● Your objective
Look through the listing and locate every line containing the word "SignalGenerator"; copy those lines.

● Material supplied
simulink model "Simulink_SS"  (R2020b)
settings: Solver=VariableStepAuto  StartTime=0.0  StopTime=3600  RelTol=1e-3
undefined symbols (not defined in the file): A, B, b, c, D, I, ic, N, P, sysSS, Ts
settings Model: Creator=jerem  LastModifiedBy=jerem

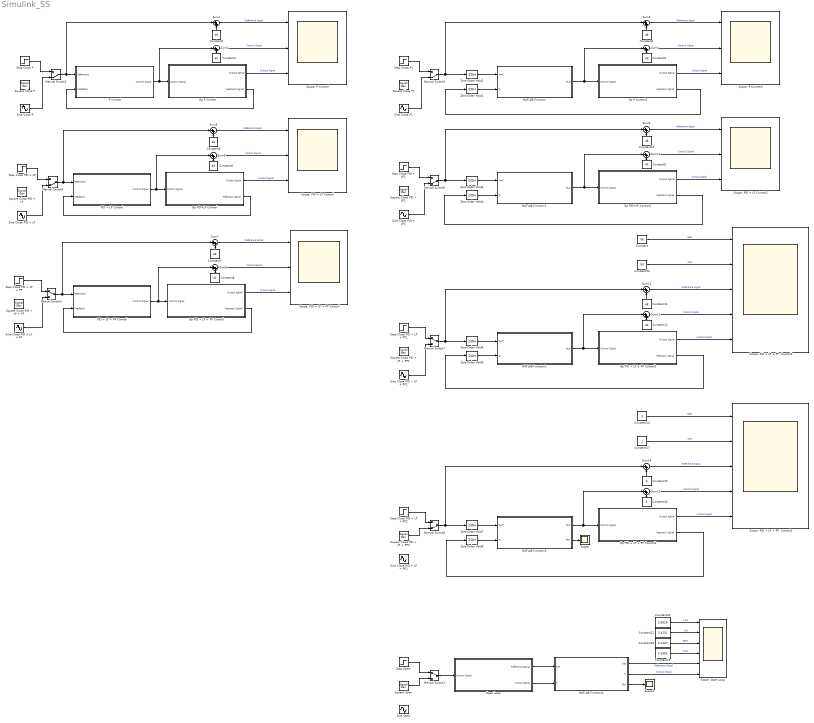
== system Simulink_SS ==
  Constant : Constant  Value=66
  Constant{1,3,5,8..9,12} (6 alike) : Constant  Value=40
  Constant{2,4,6..7,10..11} (6 alike) : Constant  Value=48
  Constant13 : Constant  Value=50
  Constant14 : Constant  Value=9
  Constant15 : Constant  Value=0
  Constant16 : Constant  Value=0
  Constant17 : Constant
  Constant18 : Constant  Value=3.1437
  Constant19 : Constant  Value=0.3493
  Constant20 : Constant  Value=3.5629
  Constant21 : Constant  Value=3.4231
  Gp P Control : Subsystem
  Gp P Control1 : Subsystem
  Gp PID + LP + PP Control : Subsystem
  Gp PID + LP + PP Control1 : Subsystem
  Gp PID + LP + PP Control2 : Subsystem
  Gp PID+LP Control : Subsystem
  Gp PID+LP Control1 : Subsystem
  MATLAB Function : MATLAB Function  TreatAsAtomicUnit=on
  MATLAB Function1 : MATLAB Function  TreatAsAtomicUnit=on
  MATLAB Function2 : MATLAB Function  TreatAsAtomicUnit=on
  MATLAB Function3 : MATLAB Function  TreatAsAtomicUnit=on
  MATLAB Function4 : MATLAB Function  TreatAsAtomicUnit=on
  Manual Switch1 : ManualSwitch
  Manual Switch{2..4,6,8} (5 alike) : ManualSwitch  CurrentSetting=0
  Manual Switch5 : ManualSwitch
  Manual Switch7 : ManualSwitch
  Open Loop : Subsystem
  P Control : Subsystem
  PID + LP + PP Control : Subsystem
  PID + LP Control : Subsystem
  Scope : Scope
  Scope1 : Scope
  Scope: Open Loop : Scope  NumInputPorts=6
  Scope: P Control : Scope  NumInputPorts=3
  Scope: P Control2 : Scope  NumInputPorts=3
  Scope: PID + LP + PP  Control1 : Scope  NumInputPorts=5
  Scope: PID + LP + PP  Control2 : Scope  NumInputPorts=5
  Scope: PID + LP + PP Control : Scope  NumInputPorts=3
  Scope: PID + LP Control : Scope  NumInputPorts=3
  Scope: PID + LP Control2 : Scope  NumInputPorts=3
  Sine Close P : Sin  Amplitude=20  Frequency=0.004  SampleTime=0
  Sine Close P1 : Sin  Amplitude=20  Frequency=0.004  SampleTime=0
  Sine Close PID + LP : Sin  Amplitude=20  Frequency=0.007  SampleTime=0
  Sine Close PID + LP + PP : Sin  Amplitude=10  Frequency=0.004  SampleTime=0
  Sine Close PID + LP + PP1 : Sin  Amplitude=10  Frequency=1/1800*6.28  SampleTime=0
  Sine Close PID + LP + PP2 : Sin  Amplitude=10  Frequency=1/1800*6.28  SampleTime=0
  Sine Close PID + LP1 : Sin  Amplitude=20  Frequency=0.007  SampleTime=0
  Sine Open : Sin  Amplitude=10  Frequency=1/1800*6.28  SampleTime=0
  Square Close P : SignalGenerator  WaveForm=square  Amplitude=20  Frequency=1/900
  Square Close P1 : SignalGenerator  WaveForm=square  Amplitude=20  Frequency=1/900
  Square Close PID + LP : SignalGenerator  WaveForm=square  Amplitude=20  Frequency=1/900
  Square Close PID + LP + PP : SignalGenerator  WaveForm=square  Amplitude=20  Frequency=1/900
  Square Close PID + LP + PP1 : SignalGenerator  WaveForm=square  Amplitude=20  Frequency=1/1800
  Square Close PID + LP + PP2 : SignalGenerator  WaveForm=square  Amplitude=10  Frequency=1/1800
  Square Close PID + LP1 : SignalGenerator  WaveForm=square  Amplitude=20  Frequency=1/900
  Square Open : SignalGenerator  WaveForm=square  Amplitude=10  Frequency=1/1800
  Step Close P : Step  After=20  SampleTime=Ts
  Step Close P1 : Step  After=20  SampleTime=Ts
  Step Close PID + LP : Step  After=20  SampleTime=Ts
  Step Close PID + LP + PP : Step  After=20  SampleTime=0.4
  Step Close PID + LP + PP1 : Step  After=10
  Step Close PID + LP + PP2 : Step  After=10
  Step Close PID + LP1 : Step  After=20  SampleTime=Ts
  Step Open : Step  After=10  SampleTime=1
  Sum{1..14} (14 alike) : Sum  Inputs=|++
  Zero-Order Hold{1..8} (8 alike) : ZeroOrderHold
  wires:
  Gp P Control/2(Feecback Sginal) -> P Control/2(Feedback)
  Constant1/1 -> Sum2/2
  Gp P Control/1(Output Sginal) -> Scope: P Control/3  "Output Signal"
  Constant2/1 -> Sum1/2
  Sum1/1 -> Scope: P Control/1  "Reference Signal"
  P Control/1(Control Signal) -> Sum2/1, Gp P Control/1(Control Signal)
  Manual Switch2/1 -> Sum1/1, P Control/1(Reference)
  Manual Switch1/1 -> Open Loop/1(Control Signal)
  Sum2/1 -> Scope: P Control/2  "Control Signal"
  Gp PID + LP + PP Control/2(Feecback Sginal) -> PID + LP + PP Control/2(Feedback)
  Sum8/1 -> Scope: PID + LP + PP Control/2  "Control Signal"
  Sum5/1 -> Scope: PID + LP Control/1  "Reference Signal"
  Sum7/1 -> Scope: PID + LP + PP Control/1  "Reference Signal"
  Sine Close PID + LP + PP/1 -> Manual Switch5/2
  Gp PID+LP Control/2(Feecback Sginal) -> PID + LP Control/2(Feedback)
  Constant7/1 -> Sum7/2
  Gp PID + LP + PP Control/1(Output Sginal) -> Scope: PID + LP + PP Control/3  "Output Signal"
  PID + LP + PP Control/1(Control Signal) -> Sum8/1, Gp PID + LP + PP Control/1(Control Signal)
  Gp PID+LP Control/1(Output Sginal) -> Scope: PID + LP Control/3  "Output Signal"
  Manual Switch5/1 -> PID + LP + PP Control/1(Reference), Sum7/1
  Step Close PID + LP + PP/1 -> Manual Switch5/1
  Constant6/1 -> Sum5/2
  Manual Switch4/1 -> Sum5/1, PID + LP Control/1(Reference)
  Constant8/1 -> Sum8/2
  PID + LP Control/1(Control Signal) -> Sum6/1, Gp PID+LP Control/1(Control Signal)
  Sum6/1 -> Scope: PID + LP Control/2  "Control Signal"
  Constant5/1 -> Sum6/2
  Sum11/1 -> Scope: PID + LP + PP  Control2/4  "Control Signal"
  Constant3/1 -> Sum4/2
  Constant10/1 -> Sum9/2
  Constant9/1 -> Sum10/2
  Sum9/1 -> Scope: PID + LP Control2/1  "Reference Signal"
  Sum10/1 -> Scope: PID + LP Control2/2  "Control Signal"
  Gp PID+LP Control1/1(Output Sginal) -> Scope: PID + LP Control2/3  "Output Signal"
  Gp PID+LP Control1/2(Feecback Sginal) -> Zero-Order Hold4/1
  Gp P Control1/1(Output Sginal) -> Scope: P Control2/3  "Output Signal"
  Sum3/1 -> Scope: P Control2/1  "Reference Signal"
  Gp P Control1/2(Feecback Sginal) -> Zero-Order Hold1/1
  Manual Switch6/1 -> Sum9/1, Zero-Order Hold3/1
  Constant4/1 -> Sum3/2
  Manual Switch7/1 -> Sum12/1, Zero-Order Hold5/1
  Gp PID + LP + PP Control1/2(Feecback Sginal) -> Zero-Order Hold6/1
  Manual Switch3/1 -> Sum3/1, Zero-Order Hold2/1
  MATLAB Function1/1(fout) -> Sum10/1, Gp PID+LP Control1/1(Control Signal)
  Gp PID + LP + PP Control1/1(Output Sginal) -> Scope: PID + LP + PP  Control2/5  "Output Signal"
  Sum12/1 -> Scope: PID + LP + PP  Control2/3  "Reference Signal"
  MATLAB Function2/1(fout) -> Gp PID + LP + PP Control1/1(Control Signal), Sum11/1
  Sum4/1 -> Scope: P Control2/2  "Control Signal"
  MATLAB Function/1(fout) -> Gp P Control1/1(Control Signal), Sum4/1
  Constant12/1 -> Sum11/2
  Constant11/1 -> Sum12/2
  Step Close PID + LP + PP1/1 -> Manual Switch7/1
  Step Close PID + LP/1 -> Manual Switch4/1
  Sine Close PID + LP/1 -> Manual Switch4/2
  Step Close PID + LP1/1 -> Manual Switch6/1
  Sine Close PID + LP1/1 -> Manual Switch6/2
  Step Close P1/1 -> Manual Switch3/1
  Sine Close P1/1 -> Manual Switch3/2
  Step Close P/1 -> Manual Switch2/1
  Sine Close P/1 -> Manual Switch2/2
  Step Open/1 -> Manual Switch1/1
  Zero-Order Hold1/1 -> MATLAB Function/2(fy)
  Zero-Order Hold2/1 -> MATLAB Function/1(fref)
  Zero-Order Hold3/1 -> MATLAB Function1/1(fref)
  Zero-Order Hold4/1 -> MATLAB Function1/2(fy)
  Zero-Order Hold5/1 -> MATLAB Function2/1(fref)
  Zero-Order Hold6/1 -> MATLAB Function2/2(fy)
  Sine Close PID + LP + PP1/1 -> Manual Switch7/2
  Constant/1 -> Scope: PID + LP + PP  Control2/1  "90%"
  Constant13/1 -> Scope: PID + LP + PP  Control2/2  "10%"
  Step Close PID + LP + PP2/1 -> Manual Switch8/1
  Constant16/1 -> Sum13/2
  Sum14/1 -> Scope: PID + LP + PP  Control1/3  "Reference Signal"
  Gp PID + LP + PP Control2/1(Output Sginal) -> Scope: PID + LP + PP  Control1/5  "Output Signal"
  Constant14/1 -> Scope: PID + LP + PP  Control1/1  "90%"
  MATLAB Function3/1(fout) -> Sum13/1, Gp PID + LP + PP Control2/1(Control Signal)
  Constant15/1 -> Sum14/2
  Constant17/1 -> Scope: PID + LP + PP  Control1/2  "10%"
  Sum13/1 -> Scope: PID + LP + PP  Control1/4  "Control Signal"
  Zero-Order Hold7/1 -> MATLAB Function3/1(fref)
  Manual Switch8/1 -> Sum14/1, Zero-Order Hold7/1
  Zero-Order Hold8/1 -> MATLAB Function3/2(fy)
  Gp PID + LP + PP Control2/2(Feecback Sginal) -> Zero-Order Hold8/1
  MATLAB Function3/2(fErr) -> Scope/1
  Square Close PID + LP + PP2/1 -> Manual Switch8/2
  Open Loop/2(Output Sginal) -> MATLAB Function4/2("fy ")
  Open Loop/1(Reference Sginal) -> MATLAB Function4/1("fref ")
  MATLAB Function4/3(fErr) -> Scope1/1
  Constant19/1 -> Scope: Open Loop/4  "10%"
  MATLAB Function4/1(fref) -> Scope: Open Loop/5  "Reference Signal"
  Constant18/1 -> Scope: Open Loop/3  "90%"
  MATLAB Function4/2(fy) -> Scope: Open Loop/6  "Output Signal"
  Square Open/1 -> Manual Switch1/2
  Constant21/1 -> Scope: Open Loop/2  "-2%"
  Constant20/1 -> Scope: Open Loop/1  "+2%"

● Response for this exercise
  Square Close P : SignalGenerator  WaveForm=square  Amplitude=20  Frequency=1/900
  Square Close P1 : SignalGenerator  WaveForm=square  Amplitude=20  Frequency=1/900
  Square Close PID + LP : SignalGenerator  WaveForm=square  Amplitude=20  Frequency=1/900
  Square Close PID + LP + PP : SignalGenerator  WaveForm=square  Amplitude=20  Frequency=1/900
  Square Close PID + LP + PP1 : SignalGenerator  WaveForm=square  Amplitude=20  Frequency=1/1800
  Square Close PID + LP + PP2 : SignalGenerator  WaveForm=square  Amplitude=10  Frequency=1/1800
  Square Close PID + LP1 : SignalGenerator  WaveForm=square  Amplitude=20  Frequency=1/900
  Square Open : SignalGenerator  WaveForm=square  Amplitude=10  Frequency=1/1800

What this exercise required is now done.